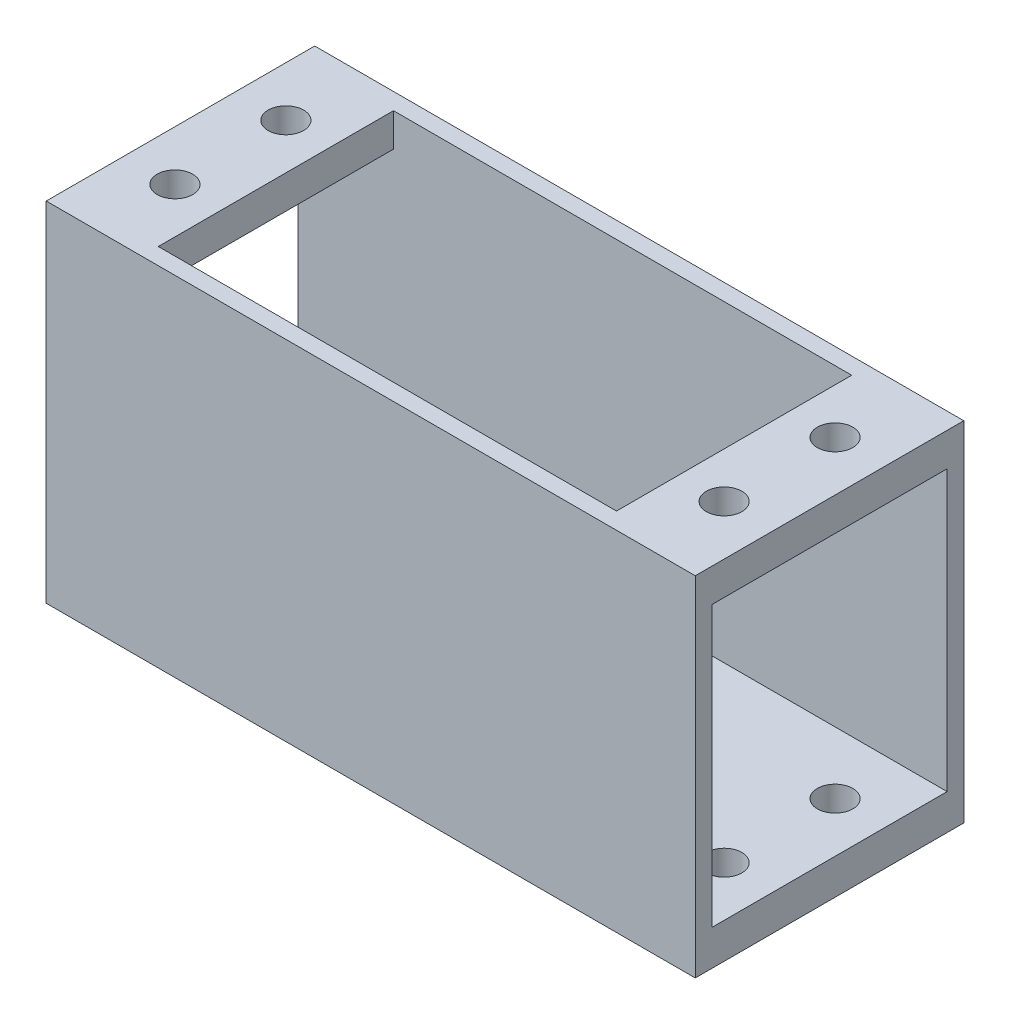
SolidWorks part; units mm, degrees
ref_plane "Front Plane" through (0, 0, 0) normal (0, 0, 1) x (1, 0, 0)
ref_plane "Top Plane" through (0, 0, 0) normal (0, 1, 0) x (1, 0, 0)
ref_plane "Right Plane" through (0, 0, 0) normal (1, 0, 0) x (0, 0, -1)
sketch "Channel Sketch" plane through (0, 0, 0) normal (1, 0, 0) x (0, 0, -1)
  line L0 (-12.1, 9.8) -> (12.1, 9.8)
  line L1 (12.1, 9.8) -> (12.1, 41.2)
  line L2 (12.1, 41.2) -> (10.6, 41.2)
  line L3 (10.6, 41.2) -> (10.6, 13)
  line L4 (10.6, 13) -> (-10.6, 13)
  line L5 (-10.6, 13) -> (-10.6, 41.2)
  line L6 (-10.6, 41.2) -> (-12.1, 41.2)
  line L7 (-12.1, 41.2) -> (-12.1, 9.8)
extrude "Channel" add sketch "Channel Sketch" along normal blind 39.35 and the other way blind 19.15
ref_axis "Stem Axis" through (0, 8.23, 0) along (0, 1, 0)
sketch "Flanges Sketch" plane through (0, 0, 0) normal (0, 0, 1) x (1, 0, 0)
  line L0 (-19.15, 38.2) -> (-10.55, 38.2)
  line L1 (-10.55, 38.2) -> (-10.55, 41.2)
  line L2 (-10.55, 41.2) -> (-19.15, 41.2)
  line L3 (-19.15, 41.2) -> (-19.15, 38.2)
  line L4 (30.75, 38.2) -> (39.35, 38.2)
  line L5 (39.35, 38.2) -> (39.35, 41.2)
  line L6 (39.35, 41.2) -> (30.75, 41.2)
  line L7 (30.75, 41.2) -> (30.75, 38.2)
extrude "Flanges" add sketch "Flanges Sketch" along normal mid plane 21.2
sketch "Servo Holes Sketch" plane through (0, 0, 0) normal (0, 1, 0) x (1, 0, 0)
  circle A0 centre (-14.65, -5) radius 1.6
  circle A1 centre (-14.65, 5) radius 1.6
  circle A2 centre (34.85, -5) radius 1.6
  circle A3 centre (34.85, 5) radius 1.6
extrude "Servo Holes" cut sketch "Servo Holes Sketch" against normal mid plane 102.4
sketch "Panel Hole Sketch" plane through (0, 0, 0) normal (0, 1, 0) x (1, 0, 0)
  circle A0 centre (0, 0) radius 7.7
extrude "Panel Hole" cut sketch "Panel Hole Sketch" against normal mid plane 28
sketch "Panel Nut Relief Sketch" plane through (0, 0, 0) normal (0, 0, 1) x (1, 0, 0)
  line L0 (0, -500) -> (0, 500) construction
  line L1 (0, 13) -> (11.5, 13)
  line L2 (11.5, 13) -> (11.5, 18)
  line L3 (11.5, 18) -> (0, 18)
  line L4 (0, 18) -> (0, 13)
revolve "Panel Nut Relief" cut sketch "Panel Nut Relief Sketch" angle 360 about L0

TASK OBJECTIVE -
In the copy you write, the data above must appear exactly, with no pictures.

ANSWER SPACE -
SolidWorks part; units mm, degrees
ref_plane "Front Plane" through (0, 0, 0) normal (0, 0, 1) x (1, 0, 0)
ref_plane "Top Plane" through (0, 0, 0) normal (0, 1, 0) x (1, 0, 0)
ref_plane "Right Plane" through (0, 0, 0) normal (1, 0, 0) x (0, 0, -1)
sketch "Channel Sketch" plane through (0, 0, 0) normal (1, 0, 0) x (0, 0, -1)
  line L0 (-12.1, 9.8) -> (12.1, 9.8)
  line L1 (12.1, 9.8) -> (12.1, 41.2)
  line L2 (12.1, 41.2) -> (10.6, 41.2)
  line L3 (10.6, 41.2) -> (10.6, 13)
  line L4 (10.6, 13) -> (-10.6, 13)
  line L5 (-10.6, 13) -> (-10.6, 41.2)
  line L6 (-10.6, 41.2) -> (-12.1, 41.2)
  line L7 (-12.1, 41.2) -> (-12.1, 9.8)
extrude "Channel" add sketch "Channel Sketch" along normal blind 39.35 and the other way blind 19.15
ref_axis "Stem Axis" through (0, 8.23, 0) along (0, 1, 0)
sketch "Flanges Sketch" plane through (0, 0, 0) normal (0, 0, 1) x (1, 0, 0)
  line L0 (-19.15, 38.2) -> (-10.55, 38.2)
  line L1 (-10.55, 38.2) -> (-10.55, 41.2)
  line L2 (-10.55, 41.2) -> (-19.15, 41.2)
  line L3 (-19.15, 41.2) -> (-19.15, 38.2)
  line L4 (30.75, 38.2) -> (39.35, 38.2)
  line L5 (39.35, 38.2) -> (39.35, 41.2)
  line L6 (39.35, 41.2) -> (30.75, 41.2)
  line L7 (30.75, 41.2) -> (30.75, 38.2)
extrude "Flanges" add sketch "Flanges Sketch" along normal mid plane 21.2
sketch "Servo Holes Sketch" plane through (0, 0, 0) normal (0, 1, 0) x (1, 0, 0)
  circle A0 centre (-14.65, -5) radius 1.6
  circle A1 centre (-14.65, 5) radius 1.6
  circle A2 centre (34.85, -5) radius 1.6
  circle A3 centre (34.85, 5) radius 1.6
extrude "Servo Holes" cut sketch "Servo Holes Sketch" against normal mid plane 102.4
sketch "Panel Hole Sketch" plane through (0, 0, 0) normal (0, 1, 0) x (1, 0, 0)
  circle A0 centre (0, 0) radius 7.7
extrude "Panel Hole" cut sketch "Panel Hole Sketch" against normal mid plane 28
sketch "Panel Nut Relief Sketch" plane through (0, 0, 0) normal (0, 0, 1) x (1, 0, 0)
  line L0 (0, -500) -> (0, 500) construction
  line L1 (0, 13) -> (11.5, 13)
  line L2 (11.5, 13) -> (11.5, 18)
  line L3 (11.5, 18) -> (0, 18)
  line L4 (0, 18) -> (0, 13)
revolve "Panel Nut Relief" cut sketch "Panel Nut Relief Sketch" angle 360 about L0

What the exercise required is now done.